Right now I’m taking a break from self-hosted stuff to work on my gardens and two artsy projects. A wooden carving for a friend’s birthday and an overly complicated shell script that has no real purpose. Although I’ve learned lots from it already so it’s not a complete waste of time.
How did you approach the logging?
Since my logs barely move, I just made aliases to where the logs are so it’s quick display and scan them within the terminal. I’m basically just viewing the system logs, fail2ban log and Caddy’s log so it’s fairly quick and simple for me.
The only change I’d like to do is change the output of Caddy’s log file so it’s not a long single line of information per output. I’ll have to do a bit more reading on that so I know what information I want to keep and how I want to visually organize it.
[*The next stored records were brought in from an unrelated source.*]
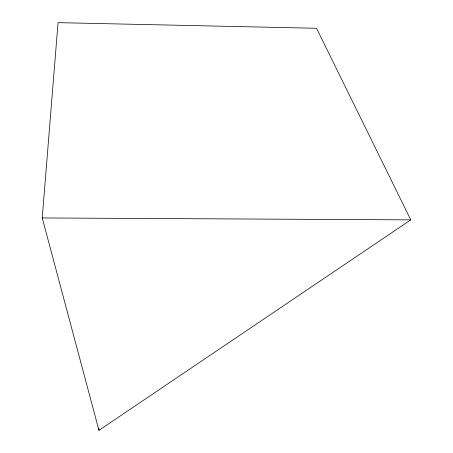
<?xml version="1.0" encoding="UTF-8"?>
<svg xmlns="http://www.w3.org/2000/svg" width="453" height="453" viewBox="0 0 453 453"><rect width="100%" height="100%" fill="white"/><g stroke="black" fill="none" stroke-linecap="round" stroke-linejoin="round"><path stroke-width="0.68" d="M42.237 217.955L58.046 22.65L316.539 28.273L410.763 219.864L98.952 430.35L42.237 217.955L410.763 219.864M98.941 428.232L98.952 430.35"/></g></svg>
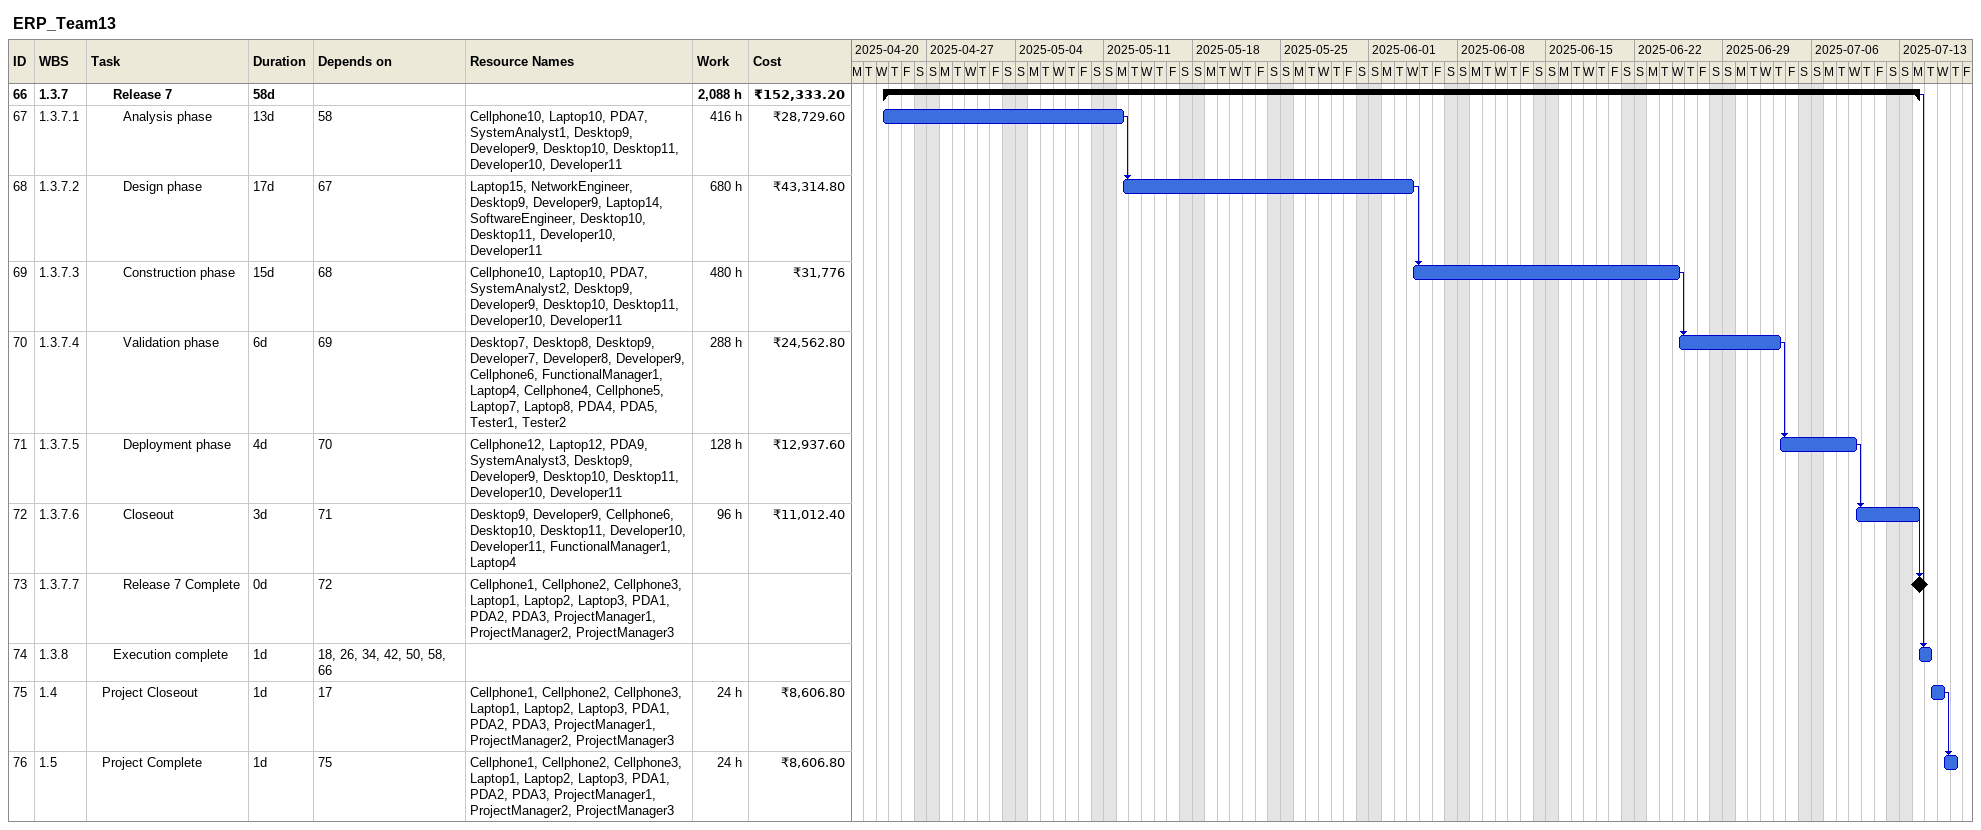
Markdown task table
ERP_Team13

| ID | WBS | Task | Duration | Start | Finish | Predecessors | Resources | Work (h) | Cost (₹) |
|---|---|---|---|---|---|---|---|---|---|
| 66 | 1.3.7 | **Release 7** | 58d | 2025-04-23 | 2025-07-14 |  |  | 2088 | 152333.20 |
| 67 | 1.3.7.1 | Analysis phase | 13d | 2025-04-23 | 2025-05-12 | 58 | Cellphone10, Laptop10, PDA7, SystemAnalyst1, Desktop9, Developer9, Desktop10, Desktop11, Developer10, Developer11 | 416 | 28729.60 |
| 68 | 1.3.7.2 | Design phase | 17d | 2025-05-12 | 2025-06-04 | 67 | Laptop15, NetworkEngineer, Desktop9, Developer9, Laptop14, SoftwareEngineer, Desktop10, Desktop11, Developer10, Developer11 | 680 | 43314.80 |
| 69 | 1.3.7.3 | Construction phase | 15d | 2025-06-04 | 2025-06-25 | 68 | Cellphone10, Laptop10, PDA7, SystemAnalyst2, Desktop9, Developer9, Desktop10, Desktop11, Developer10, Developer11 | 480 | 31776 |
| 70 | 1.3.7.4 | Validation phase | 6d | 2025-06-25 | 2025-07-03 | 69 | Desktop7, Desktop8, Desktop9, Developer7, Developer8, Developer9, Cellphone6, FunctionalManager1, Laptop4, Cellphone4, Cellphone5, Laptop7, Laptop8, PDA4, PDA5, Tester1, Tester2 | 288 | 24562.80 |
| 71 | 1.3.7.5 | Deployment phase | 4d | 2025-07-03 | 2025-07-09 | 70 | Cellphone12, Laptop12, PDA9, SystemAnalyst3, Desktop9, Developer9, Desktop10, Desktop11, Developer10, Developer11 | 128 | 12937.60 |
| 72 | 1.3.7.6 | Closeout | 3d | 2025-07-09 | 2025-07-14 | 71 | Desktop9, Developer9, Cellphone6, Desktop10, Desktop11, Developer10, Developer11, FunctionalManager1, Laptop4 | 96 | 11012.40 |
| 73 | 1.3.7.7 | Release 7 Complete | 0d | 2025-07-14 | 2025-07-14 | 72 | Cellphone1, Cellphone2, Cellphone3, Laptop1, Laptop2, Laptop3, PDA1, PDA2, PDA3, ProjectManager1, ProjectManager2, ProjectManager3 |  |  |
| 74 | 1.3.8 | Execution complete | 1d | 2025-07-14 | 2025-07-15 | 18, 26, 34, 42, 50, 58, 66 |  |  |  |
| 75 | 1.4 | Project Closeout | 1d | 2025-07-15 | 2025-07-16 | 17 | Cellphone1, Cellphone2, Cellphone3, Laptop1, Laptop2, Laptop3, PDA1, PDA2, PDA3, ProjectManager1, ProjectManager2, ProjectManager3 | 24 | 8606.80 |
| 76 | 1.5 | Project Complete | 1d | 2025-07-16 | 2025-07-17 | 75 | Cellphone1, Cellphone2, Cellphone3, Laptop1, Laptop2, Laptop3, PDA1, PDA2, PDA3, ProjectManager1, ProjectManager2, ProjectManager3 | 24 | 8606.80 |

At least for the moment, I am familiarising myself with what I am looking at and am slowly figuring out what information is relevant to me.
I like to keep my systems as simple and lean as possible which seems to strongly reflect my general approach to life. I find that kind of interesting.
If you like, check GoAccess on the Caddy Files. You can watch them through that instead of less/cat/whatever to see a nice Dashboard. It helps getting a better overview IMHO.
Nothing new, just peacefully chugging along hosting my blog, Jellyfin, Radicale for calendar and contacts. Still long-term searching for a photo storing & sharing (gallery) solution, as well as a better music server. Maybe Navidrome is what I’m looking for.
Oh, and I need to renew my SSL certificate soon. I don’t like Letsencrypt. Everything EU-based, I’m not going to start making US-based contracts.
Can recommend Immich for the Photo gallery and sharing option.
Can recommend Navidrome for music.
Did you have a look at Immich yet for photos?